■ Task to carry out ■
Below are the records; print them again exactly and omit the pictures.

■ Available records ■
╔══
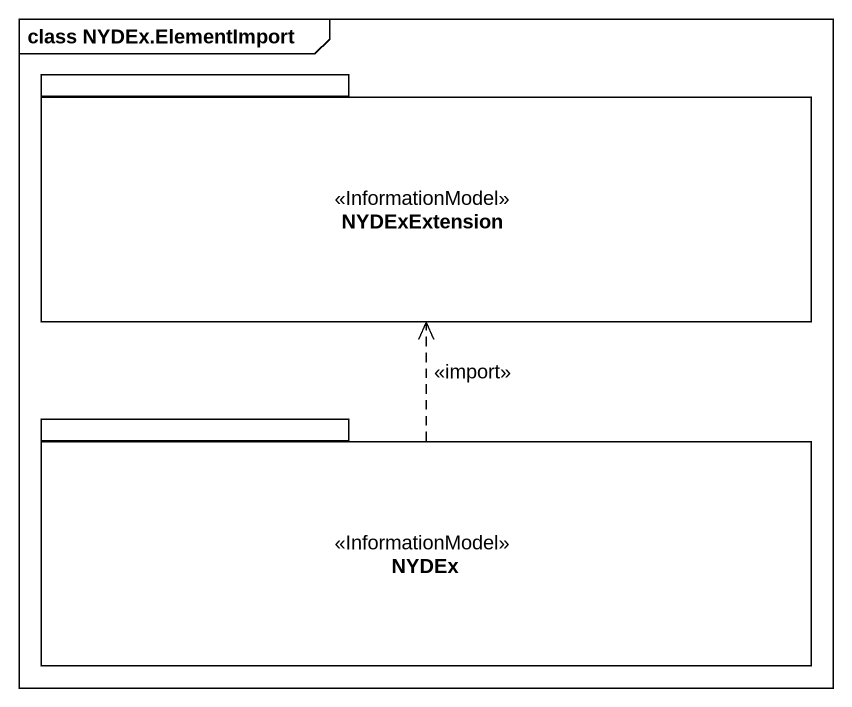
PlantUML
@startuml
mainframe class NYDEx.ElementImport
package NYDExExtension <<InformationModel>> {
}
package NYDEx <<InformationModel>> {
}
NYDEx .up.> NYDExExtension : <<import>>
@enduml
╚══
■ Answer below ■
PlantUML
@startuml
mainframe class NYDEx.ElementImport
package NYDExExtension <<InformationModel>> {
}
package NYDEx <<InformationModel>> {
}
NYDEx .up.> NYDExExtension : <<import>>
@enduml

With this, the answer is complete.